Oisin Murphy, Britain's reigning champion jockey, landed a first classic on Saturday when Kameko landed the QIPCO 2,000 Guineas at Newmarket.
The 24-year-old rider from Killarney, Kerry took another giant step on the path to potential superstardom when guiding the 10-1 winner to a neck defeat of Aidan O’Brien’s Wichita with the odds-on favourite Pinatubo beaten for the first time in his career in third.
Clear of his contemporaries as a two-year-old, evidence that Pinatubo’s rivals had caught up with him at three came outside the furlong pole when he started to get the worst of a battle with Wichita.
In behind them though Murphy started to angle Kameko, who had been drawn on the rail, towards the centre of the Rowley Mile.
The Andrew Balding colt, carrying the colours of the big-race sponsor, Sheikh Fahad's Qatar Racing, momentarily drifted right. But when straightened up, Kameko had enough left to land a second Group One prize having also won at the top level as a juvenile in the Vertem Futurity.
“I’ve never won a classic in Britain and it means the absolute world to me. It’s the stuff of dreams,” Murphy said. “It was a gutsy performance. He hardly blew a candle out afterwards. He must have a tremendous amount of ability.”
The exultant Kerryman, a nephew of the Cheltenham Gold winning trainer and jockey, Jim Culloty, had previously come close to classic glory when Roaring Lion finished third in the 2018 Derby for Qatar.
However a first major classic, and one gained from Frankie Dettori on the runner up, suggests this most unusual of Guineas renewals may end up being recalled as a landmark moment in a rare career - as much as for the unprecedented circumstances.
Held a month late and behind closed doors due to the coronavrius pandemic, Murphy, in his face mask, returned to silence, including in the winners enclosure. If the aftermath felt sterile, the action on the track was typically cut-throat.
All eyes were on Pinatubo, rated the best two year old champion in quarter of a century, and heralded beforehand as a potential, and timely, all-time great.
For one brief moment at the two furlong pole the diminutive colt looked to be going well enough to possibly justify such billing.
However his run flattened out as he struggled to get past Wichita.
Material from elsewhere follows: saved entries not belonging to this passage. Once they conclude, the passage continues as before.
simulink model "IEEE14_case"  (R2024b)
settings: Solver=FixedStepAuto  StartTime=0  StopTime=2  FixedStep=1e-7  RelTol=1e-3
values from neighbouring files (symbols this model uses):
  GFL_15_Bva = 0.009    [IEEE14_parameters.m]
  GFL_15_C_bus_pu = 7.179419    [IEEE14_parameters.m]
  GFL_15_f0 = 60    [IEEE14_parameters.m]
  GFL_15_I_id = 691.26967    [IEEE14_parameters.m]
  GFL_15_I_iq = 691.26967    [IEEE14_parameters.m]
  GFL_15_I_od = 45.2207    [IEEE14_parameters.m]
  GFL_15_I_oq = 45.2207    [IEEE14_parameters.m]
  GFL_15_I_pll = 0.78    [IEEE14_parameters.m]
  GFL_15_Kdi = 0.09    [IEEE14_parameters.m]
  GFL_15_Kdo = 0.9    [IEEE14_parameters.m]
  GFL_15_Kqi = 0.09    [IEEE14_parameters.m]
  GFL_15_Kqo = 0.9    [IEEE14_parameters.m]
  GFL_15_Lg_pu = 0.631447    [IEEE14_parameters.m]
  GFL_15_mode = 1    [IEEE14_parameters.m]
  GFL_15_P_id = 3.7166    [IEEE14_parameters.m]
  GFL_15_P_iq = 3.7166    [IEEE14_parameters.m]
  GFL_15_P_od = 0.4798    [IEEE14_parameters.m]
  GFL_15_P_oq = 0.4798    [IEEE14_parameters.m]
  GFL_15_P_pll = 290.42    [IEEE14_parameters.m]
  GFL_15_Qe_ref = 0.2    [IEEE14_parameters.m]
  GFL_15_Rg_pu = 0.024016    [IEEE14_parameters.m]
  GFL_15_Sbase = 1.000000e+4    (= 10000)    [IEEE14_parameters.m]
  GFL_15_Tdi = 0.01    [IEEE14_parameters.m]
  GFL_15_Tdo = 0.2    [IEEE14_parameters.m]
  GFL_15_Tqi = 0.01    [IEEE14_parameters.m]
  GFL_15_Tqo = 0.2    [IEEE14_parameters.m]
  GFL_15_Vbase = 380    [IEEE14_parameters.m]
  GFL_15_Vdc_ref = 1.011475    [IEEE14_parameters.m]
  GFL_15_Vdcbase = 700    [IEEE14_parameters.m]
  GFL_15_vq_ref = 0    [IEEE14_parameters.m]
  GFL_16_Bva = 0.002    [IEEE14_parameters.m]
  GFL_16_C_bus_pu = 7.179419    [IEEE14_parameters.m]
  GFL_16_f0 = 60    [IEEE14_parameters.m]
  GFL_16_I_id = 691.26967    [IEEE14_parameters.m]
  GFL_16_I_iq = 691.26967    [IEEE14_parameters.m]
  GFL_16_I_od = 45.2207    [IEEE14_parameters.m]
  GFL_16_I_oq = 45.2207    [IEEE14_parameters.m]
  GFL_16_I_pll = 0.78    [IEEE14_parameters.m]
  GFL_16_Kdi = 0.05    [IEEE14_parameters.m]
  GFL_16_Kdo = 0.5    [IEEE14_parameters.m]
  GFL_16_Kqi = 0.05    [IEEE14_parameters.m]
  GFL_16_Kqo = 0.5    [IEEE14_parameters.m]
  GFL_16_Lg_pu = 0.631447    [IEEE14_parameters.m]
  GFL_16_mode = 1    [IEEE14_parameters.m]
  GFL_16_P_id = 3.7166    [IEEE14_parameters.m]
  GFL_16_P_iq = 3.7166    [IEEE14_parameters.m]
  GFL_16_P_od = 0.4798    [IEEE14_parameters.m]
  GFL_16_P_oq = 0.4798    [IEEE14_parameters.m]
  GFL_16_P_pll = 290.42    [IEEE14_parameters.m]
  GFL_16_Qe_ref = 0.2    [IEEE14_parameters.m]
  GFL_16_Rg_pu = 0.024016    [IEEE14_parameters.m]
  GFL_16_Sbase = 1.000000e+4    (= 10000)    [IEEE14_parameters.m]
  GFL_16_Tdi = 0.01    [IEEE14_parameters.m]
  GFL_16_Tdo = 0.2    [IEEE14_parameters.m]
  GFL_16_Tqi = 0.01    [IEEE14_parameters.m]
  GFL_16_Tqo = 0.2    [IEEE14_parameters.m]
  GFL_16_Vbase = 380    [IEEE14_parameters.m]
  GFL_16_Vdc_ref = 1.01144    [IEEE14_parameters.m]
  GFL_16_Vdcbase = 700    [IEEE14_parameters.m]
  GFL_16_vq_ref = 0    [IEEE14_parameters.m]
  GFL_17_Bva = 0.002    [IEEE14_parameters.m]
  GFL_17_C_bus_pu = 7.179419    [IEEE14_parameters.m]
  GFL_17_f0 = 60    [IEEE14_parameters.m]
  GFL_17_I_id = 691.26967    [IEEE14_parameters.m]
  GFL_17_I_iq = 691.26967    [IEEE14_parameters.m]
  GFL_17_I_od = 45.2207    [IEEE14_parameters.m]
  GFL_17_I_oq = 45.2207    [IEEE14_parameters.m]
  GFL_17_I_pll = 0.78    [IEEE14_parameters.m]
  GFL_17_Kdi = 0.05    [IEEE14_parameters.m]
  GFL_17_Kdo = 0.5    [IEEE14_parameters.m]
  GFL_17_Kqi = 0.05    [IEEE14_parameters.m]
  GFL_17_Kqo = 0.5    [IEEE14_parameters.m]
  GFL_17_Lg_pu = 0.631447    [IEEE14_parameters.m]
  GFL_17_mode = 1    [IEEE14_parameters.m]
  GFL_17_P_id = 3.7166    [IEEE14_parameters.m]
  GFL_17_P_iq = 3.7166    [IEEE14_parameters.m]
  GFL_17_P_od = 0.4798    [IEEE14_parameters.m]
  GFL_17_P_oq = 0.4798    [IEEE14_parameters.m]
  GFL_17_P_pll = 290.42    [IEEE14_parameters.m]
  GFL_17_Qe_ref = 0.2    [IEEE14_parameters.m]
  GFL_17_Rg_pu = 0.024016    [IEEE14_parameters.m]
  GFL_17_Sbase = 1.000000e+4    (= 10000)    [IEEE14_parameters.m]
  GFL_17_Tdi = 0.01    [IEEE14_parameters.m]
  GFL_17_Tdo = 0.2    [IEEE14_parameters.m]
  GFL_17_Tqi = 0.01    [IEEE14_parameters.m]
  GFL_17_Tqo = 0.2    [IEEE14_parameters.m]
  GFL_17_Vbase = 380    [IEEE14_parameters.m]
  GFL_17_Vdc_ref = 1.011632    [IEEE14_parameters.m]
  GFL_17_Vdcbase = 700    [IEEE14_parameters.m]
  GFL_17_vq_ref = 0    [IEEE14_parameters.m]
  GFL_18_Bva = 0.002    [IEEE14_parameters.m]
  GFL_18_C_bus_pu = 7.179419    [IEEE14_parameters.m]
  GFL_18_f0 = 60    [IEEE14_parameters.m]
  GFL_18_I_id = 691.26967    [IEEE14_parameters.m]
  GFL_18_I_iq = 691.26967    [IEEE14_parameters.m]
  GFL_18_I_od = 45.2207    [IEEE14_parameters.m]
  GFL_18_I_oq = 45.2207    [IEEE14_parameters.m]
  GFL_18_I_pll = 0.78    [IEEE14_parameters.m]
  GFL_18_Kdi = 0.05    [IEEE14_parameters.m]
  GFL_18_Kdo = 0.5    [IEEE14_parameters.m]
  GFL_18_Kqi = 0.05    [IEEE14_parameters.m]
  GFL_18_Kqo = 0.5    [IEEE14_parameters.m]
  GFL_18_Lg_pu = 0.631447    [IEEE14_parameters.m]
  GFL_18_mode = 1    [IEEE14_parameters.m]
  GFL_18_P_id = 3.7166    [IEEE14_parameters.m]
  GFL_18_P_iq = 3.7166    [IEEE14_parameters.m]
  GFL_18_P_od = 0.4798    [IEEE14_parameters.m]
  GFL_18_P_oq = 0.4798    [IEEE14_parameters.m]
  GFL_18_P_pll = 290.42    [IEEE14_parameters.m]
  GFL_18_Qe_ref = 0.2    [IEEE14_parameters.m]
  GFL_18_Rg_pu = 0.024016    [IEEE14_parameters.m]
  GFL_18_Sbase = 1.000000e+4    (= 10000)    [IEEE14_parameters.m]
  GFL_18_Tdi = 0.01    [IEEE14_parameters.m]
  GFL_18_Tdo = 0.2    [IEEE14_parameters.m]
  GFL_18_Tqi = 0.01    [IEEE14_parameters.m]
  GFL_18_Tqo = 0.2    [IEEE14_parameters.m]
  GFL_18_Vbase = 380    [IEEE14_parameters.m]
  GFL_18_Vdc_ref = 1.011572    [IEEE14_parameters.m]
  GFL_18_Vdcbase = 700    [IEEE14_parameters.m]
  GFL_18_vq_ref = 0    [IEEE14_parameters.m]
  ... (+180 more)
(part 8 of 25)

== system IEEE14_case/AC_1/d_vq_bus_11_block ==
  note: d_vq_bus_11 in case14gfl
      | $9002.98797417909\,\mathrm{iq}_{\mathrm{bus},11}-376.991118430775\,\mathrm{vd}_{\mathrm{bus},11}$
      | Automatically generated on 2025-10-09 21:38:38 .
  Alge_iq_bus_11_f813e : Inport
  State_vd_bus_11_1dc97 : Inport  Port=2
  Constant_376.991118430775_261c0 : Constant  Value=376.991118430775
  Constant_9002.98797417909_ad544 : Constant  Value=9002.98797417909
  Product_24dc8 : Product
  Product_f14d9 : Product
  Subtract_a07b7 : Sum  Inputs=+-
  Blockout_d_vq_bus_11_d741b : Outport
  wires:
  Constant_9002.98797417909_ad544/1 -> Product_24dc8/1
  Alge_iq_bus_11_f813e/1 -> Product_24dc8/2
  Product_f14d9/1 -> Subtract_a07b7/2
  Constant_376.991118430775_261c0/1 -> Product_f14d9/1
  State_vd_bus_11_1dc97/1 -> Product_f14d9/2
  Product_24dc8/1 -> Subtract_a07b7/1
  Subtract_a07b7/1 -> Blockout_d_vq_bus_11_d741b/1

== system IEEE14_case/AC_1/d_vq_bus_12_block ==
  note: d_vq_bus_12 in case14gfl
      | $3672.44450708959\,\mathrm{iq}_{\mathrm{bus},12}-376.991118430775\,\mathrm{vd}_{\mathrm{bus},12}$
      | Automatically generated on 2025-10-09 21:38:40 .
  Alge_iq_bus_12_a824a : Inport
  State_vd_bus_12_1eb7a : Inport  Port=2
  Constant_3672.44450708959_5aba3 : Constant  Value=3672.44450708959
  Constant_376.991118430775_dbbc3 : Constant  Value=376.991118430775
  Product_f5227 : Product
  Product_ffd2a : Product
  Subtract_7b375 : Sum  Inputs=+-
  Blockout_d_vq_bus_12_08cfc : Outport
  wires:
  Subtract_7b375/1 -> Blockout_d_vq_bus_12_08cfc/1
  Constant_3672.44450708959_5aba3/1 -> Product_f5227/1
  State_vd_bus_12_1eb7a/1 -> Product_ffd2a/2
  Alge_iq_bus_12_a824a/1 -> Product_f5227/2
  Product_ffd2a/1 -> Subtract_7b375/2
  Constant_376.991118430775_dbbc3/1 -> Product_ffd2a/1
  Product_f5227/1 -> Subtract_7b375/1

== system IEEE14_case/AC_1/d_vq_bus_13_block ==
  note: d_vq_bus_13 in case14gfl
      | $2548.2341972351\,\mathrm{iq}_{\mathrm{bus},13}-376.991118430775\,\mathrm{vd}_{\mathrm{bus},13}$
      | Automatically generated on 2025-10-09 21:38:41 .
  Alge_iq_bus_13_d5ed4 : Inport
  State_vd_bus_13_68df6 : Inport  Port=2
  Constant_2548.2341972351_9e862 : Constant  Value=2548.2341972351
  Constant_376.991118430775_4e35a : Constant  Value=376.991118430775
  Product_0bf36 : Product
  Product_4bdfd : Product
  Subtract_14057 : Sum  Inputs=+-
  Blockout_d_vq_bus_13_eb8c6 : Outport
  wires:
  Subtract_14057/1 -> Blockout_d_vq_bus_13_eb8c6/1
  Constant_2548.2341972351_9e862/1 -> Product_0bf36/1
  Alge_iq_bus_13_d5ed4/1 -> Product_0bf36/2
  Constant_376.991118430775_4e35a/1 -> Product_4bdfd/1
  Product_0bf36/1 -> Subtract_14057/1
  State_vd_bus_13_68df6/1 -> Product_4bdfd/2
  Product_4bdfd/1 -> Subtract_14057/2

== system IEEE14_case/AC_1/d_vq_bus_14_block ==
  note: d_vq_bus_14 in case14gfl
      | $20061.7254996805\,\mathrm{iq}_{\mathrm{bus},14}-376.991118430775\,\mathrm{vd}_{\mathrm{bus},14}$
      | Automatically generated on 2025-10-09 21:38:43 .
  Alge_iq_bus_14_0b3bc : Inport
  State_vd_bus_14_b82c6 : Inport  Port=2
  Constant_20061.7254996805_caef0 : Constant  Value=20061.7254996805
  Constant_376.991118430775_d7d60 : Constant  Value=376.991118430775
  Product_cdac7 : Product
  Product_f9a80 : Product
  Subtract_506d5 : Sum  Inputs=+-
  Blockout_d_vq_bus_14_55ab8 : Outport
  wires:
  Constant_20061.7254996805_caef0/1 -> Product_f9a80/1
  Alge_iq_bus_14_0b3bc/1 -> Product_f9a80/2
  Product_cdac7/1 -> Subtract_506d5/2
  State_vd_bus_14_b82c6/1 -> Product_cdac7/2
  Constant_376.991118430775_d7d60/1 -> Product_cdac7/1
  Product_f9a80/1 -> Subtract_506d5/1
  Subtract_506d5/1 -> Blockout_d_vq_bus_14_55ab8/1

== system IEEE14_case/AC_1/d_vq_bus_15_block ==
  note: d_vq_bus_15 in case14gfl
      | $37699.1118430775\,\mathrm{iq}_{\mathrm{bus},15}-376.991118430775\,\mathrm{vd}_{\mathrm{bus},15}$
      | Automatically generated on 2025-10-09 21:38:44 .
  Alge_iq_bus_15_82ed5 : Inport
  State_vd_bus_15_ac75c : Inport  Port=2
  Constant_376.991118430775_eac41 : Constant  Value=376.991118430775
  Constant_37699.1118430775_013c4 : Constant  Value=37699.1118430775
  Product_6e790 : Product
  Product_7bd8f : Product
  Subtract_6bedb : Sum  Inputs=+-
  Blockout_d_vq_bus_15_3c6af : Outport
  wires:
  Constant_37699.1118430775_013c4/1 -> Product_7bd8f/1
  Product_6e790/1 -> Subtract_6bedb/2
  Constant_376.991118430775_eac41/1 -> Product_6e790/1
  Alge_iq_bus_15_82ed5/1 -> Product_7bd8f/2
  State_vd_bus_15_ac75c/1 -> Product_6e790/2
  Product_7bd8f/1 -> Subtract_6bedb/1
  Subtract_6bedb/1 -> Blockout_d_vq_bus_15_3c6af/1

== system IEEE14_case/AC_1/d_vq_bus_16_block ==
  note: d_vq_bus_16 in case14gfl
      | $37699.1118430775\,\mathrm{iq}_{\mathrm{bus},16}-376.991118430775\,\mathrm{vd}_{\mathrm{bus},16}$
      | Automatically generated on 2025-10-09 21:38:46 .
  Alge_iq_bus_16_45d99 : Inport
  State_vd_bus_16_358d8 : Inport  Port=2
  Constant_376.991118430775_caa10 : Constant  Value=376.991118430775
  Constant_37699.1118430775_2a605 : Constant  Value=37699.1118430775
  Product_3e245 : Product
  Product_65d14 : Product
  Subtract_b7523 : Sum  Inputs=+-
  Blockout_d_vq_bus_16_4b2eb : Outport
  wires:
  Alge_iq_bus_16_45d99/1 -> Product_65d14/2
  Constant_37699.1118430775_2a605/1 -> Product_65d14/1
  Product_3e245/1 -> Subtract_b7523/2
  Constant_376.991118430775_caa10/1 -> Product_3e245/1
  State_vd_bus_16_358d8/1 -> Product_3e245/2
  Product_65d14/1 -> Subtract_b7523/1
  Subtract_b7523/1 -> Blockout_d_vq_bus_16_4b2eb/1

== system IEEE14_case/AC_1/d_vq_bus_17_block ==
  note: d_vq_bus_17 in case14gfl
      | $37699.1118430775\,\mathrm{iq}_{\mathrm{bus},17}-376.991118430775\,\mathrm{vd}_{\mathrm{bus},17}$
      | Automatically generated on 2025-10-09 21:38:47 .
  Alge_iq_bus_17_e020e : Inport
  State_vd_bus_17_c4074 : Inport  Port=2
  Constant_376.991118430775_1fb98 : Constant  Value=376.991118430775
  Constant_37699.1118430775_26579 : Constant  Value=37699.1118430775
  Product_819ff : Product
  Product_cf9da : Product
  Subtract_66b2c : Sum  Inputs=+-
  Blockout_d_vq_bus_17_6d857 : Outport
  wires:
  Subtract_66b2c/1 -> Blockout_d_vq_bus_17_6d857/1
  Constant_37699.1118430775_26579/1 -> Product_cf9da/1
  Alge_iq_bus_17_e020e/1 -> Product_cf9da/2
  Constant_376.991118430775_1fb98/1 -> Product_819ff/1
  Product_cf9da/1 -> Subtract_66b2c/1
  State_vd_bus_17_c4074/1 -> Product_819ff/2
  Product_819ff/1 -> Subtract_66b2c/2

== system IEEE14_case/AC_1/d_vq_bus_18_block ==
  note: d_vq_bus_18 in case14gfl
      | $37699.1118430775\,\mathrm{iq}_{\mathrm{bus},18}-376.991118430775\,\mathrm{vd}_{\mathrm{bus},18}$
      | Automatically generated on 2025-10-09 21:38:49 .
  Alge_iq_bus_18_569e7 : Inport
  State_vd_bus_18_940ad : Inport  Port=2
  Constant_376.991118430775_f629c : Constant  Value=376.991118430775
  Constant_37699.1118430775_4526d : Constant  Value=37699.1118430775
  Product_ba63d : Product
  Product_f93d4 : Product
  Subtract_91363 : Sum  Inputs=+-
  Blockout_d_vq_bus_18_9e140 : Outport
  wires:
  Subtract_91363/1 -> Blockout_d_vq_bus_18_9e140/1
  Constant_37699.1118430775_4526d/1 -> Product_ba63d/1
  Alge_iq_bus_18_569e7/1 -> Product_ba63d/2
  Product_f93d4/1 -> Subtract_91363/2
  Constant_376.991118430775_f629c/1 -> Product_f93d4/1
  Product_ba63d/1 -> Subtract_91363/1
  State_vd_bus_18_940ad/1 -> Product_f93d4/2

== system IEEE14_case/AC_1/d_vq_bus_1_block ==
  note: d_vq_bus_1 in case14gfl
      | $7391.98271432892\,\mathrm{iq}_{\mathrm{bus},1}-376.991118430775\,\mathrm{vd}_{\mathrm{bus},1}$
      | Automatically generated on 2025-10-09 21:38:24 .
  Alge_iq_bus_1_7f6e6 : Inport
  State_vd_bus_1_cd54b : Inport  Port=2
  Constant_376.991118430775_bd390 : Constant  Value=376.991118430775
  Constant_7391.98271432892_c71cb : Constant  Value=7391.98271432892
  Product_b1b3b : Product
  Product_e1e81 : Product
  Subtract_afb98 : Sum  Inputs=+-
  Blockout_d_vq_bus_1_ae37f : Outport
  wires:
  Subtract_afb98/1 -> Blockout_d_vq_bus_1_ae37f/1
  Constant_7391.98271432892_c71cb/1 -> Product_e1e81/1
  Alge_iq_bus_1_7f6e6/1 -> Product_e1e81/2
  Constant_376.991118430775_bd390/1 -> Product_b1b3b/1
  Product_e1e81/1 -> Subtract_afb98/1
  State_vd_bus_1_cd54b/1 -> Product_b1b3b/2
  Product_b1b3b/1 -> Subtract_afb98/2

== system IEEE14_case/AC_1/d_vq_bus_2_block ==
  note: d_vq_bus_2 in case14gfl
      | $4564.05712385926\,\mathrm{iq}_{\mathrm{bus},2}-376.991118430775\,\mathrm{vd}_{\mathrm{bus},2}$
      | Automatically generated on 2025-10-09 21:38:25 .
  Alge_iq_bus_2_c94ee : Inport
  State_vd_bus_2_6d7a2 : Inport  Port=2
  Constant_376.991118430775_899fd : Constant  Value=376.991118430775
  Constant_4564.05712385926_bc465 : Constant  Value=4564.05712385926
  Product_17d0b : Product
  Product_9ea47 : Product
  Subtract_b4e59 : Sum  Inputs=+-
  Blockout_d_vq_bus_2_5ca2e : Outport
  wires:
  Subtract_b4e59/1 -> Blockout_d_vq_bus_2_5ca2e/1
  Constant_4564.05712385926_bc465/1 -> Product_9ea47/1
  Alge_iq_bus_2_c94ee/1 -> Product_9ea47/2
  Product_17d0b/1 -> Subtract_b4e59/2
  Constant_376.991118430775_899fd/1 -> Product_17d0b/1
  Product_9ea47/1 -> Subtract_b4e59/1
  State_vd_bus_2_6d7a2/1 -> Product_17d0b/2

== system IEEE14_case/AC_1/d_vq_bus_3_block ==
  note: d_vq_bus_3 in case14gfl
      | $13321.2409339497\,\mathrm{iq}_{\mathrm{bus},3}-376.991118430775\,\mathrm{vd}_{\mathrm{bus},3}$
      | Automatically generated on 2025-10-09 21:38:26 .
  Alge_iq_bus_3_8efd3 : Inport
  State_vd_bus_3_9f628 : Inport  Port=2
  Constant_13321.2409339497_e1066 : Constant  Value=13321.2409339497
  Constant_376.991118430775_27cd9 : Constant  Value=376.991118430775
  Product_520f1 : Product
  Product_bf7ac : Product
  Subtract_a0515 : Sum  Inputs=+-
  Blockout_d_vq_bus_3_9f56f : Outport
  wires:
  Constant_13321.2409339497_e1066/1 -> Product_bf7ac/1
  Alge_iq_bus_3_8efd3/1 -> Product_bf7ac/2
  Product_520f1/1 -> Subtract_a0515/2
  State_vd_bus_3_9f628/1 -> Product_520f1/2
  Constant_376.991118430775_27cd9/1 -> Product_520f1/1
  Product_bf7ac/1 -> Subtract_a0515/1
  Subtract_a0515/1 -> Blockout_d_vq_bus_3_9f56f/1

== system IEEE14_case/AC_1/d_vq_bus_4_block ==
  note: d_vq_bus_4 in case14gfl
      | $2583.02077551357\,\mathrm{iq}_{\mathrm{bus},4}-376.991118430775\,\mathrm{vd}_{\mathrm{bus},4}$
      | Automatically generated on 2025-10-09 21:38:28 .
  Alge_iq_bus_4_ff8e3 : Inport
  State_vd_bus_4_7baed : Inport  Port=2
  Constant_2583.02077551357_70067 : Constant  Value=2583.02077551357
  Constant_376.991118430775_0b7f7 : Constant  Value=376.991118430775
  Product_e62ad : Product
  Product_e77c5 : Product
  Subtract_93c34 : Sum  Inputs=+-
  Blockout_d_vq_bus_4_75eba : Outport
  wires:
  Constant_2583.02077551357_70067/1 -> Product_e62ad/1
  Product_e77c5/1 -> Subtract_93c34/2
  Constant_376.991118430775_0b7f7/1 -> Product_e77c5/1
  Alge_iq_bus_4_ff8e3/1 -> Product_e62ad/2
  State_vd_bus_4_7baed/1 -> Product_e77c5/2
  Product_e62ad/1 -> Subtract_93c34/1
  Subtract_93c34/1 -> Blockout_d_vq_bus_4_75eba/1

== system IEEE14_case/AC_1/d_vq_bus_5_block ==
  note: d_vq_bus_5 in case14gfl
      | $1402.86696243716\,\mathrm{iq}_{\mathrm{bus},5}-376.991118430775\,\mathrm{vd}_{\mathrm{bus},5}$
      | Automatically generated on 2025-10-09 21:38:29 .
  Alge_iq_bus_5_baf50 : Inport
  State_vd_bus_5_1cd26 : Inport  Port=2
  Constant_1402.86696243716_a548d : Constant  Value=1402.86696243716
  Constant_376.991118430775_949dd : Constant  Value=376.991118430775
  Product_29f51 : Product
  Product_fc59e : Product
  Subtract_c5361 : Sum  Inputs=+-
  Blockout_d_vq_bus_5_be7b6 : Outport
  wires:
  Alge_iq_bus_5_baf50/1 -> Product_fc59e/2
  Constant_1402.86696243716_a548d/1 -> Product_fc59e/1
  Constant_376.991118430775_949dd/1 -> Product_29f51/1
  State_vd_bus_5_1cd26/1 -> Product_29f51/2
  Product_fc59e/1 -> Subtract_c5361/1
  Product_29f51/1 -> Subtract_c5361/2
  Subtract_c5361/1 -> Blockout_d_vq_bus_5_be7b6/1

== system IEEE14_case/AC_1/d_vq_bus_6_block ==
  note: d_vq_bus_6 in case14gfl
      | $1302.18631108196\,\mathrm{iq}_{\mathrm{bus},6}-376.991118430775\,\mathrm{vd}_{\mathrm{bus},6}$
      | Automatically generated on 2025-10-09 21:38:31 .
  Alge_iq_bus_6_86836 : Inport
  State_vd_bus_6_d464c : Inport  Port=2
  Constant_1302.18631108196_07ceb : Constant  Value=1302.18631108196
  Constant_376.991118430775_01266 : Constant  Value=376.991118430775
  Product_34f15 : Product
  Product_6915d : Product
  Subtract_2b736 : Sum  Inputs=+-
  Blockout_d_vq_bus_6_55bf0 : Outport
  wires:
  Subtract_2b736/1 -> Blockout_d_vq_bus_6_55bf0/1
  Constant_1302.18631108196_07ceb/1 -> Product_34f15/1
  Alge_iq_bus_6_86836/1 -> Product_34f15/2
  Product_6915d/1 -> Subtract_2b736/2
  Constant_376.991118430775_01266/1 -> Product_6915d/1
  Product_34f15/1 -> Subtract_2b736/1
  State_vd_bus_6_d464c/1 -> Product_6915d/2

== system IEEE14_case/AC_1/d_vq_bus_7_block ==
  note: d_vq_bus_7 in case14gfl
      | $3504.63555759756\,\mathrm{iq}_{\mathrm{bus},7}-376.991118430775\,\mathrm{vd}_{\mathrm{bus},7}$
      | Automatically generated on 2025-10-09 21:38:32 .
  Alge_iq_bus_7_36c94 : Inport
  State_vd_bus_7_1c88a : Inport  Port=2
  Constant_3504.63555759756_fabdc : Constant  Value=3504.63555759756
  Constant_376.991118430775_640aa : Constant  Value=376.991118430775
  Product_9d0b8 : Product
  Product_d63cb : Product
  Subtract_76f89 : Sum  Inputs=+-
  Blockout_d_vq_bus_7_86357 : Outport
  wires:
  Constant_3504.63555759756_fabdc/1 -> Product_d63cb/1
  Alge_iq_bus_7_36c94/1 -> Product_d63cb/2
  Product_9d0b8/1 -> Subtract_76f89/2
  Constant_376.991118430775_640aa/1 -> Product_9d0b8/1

Instead the latter briefly looked like giving O’Brien an 11th win in the race - and a second classic with Dettori after Scorpion’s St Leger 15 years earlier - only for Murphy to get the timing right on his winning run.
Bookmakers immediately made Kameko, who is by the same sire as Roaring Lion, a 3-1 favourite for next month’s Epsom Derby.
It was a first Guineas for Balding whose father, Ian, saddled the legendary Mill Reef, famously beaten by Brigadier Gerard in a vintage Guineas renewal in 1971, before going on to win the Derby.
Attention inevitably centred on Murphy however who has made a blistering start in trying to retain his jockeys championship since racing resumed in Britain on Monday.
The atmosphere might have been surreal and eerie for such a major success but the Irishman was still emotional at the significance of it.
“I don’t want to cry. My boss, Sheikh Fahad, is at home in Newmarket and obviously with the current pandemic he couldn’t be here.
“I started my career with Andrew Balding. To ride a classic winner, my first one, in these colours - this horse’s father is Kitten’s Joy, the same as Roaring Lion - is incredible,” Murphy said.
Roaring Lion bounced back from his Derby defeat to become the outstanding mile and a quarter champion of his generation. He was retired to stud but died with colic last year.
Comparisons between him and Kameko in terms of the Derby’s mile and a half stamina test are inevitable over the coming weeks although Balding expressed confidence about going to Epsom.
“To me it (Derby) looks the obvious choice. There would be a stamina doubt but there’s only one way to find out.
“We have to let David (Redvers, racing manager), Sheikh Fahad and Oisin all put in their opinions. I would be slightly reluctant to run him back at Ascot personally, so we will see what is on offer for him.
“He will certainly get a mile and a quarter, but there is a certain race over a mile and a half in July that would be quite appealing!” the trainer said.
Balding felt the behind closed doors atmosphere was a minor element in the overall context of a Guineas victory.
“This is massive, as a Classic is a Classic whenever it is run. It has been a long time since I last won a Classic and it has been a long time since Kingsclere has had a Guineas winner. It speaks volumes of the team at home. They have done an amazing job.
“It is huge and we are very grateful to everyone who has worked hard to get racing back on, and as I said a Guineas is a Guineas whenever it is run. I couldn’t be happier,” he added.
He also said: “he was always travelling well and just when they quickened it looked like he was going to need a bit of a split and he didn’t get the cleanest of runs. He went a little right-handed when he first let go and I was always confident he would get on top.
“It was only when he was past the line that I was happy though. That was the one we came here for and wanted.”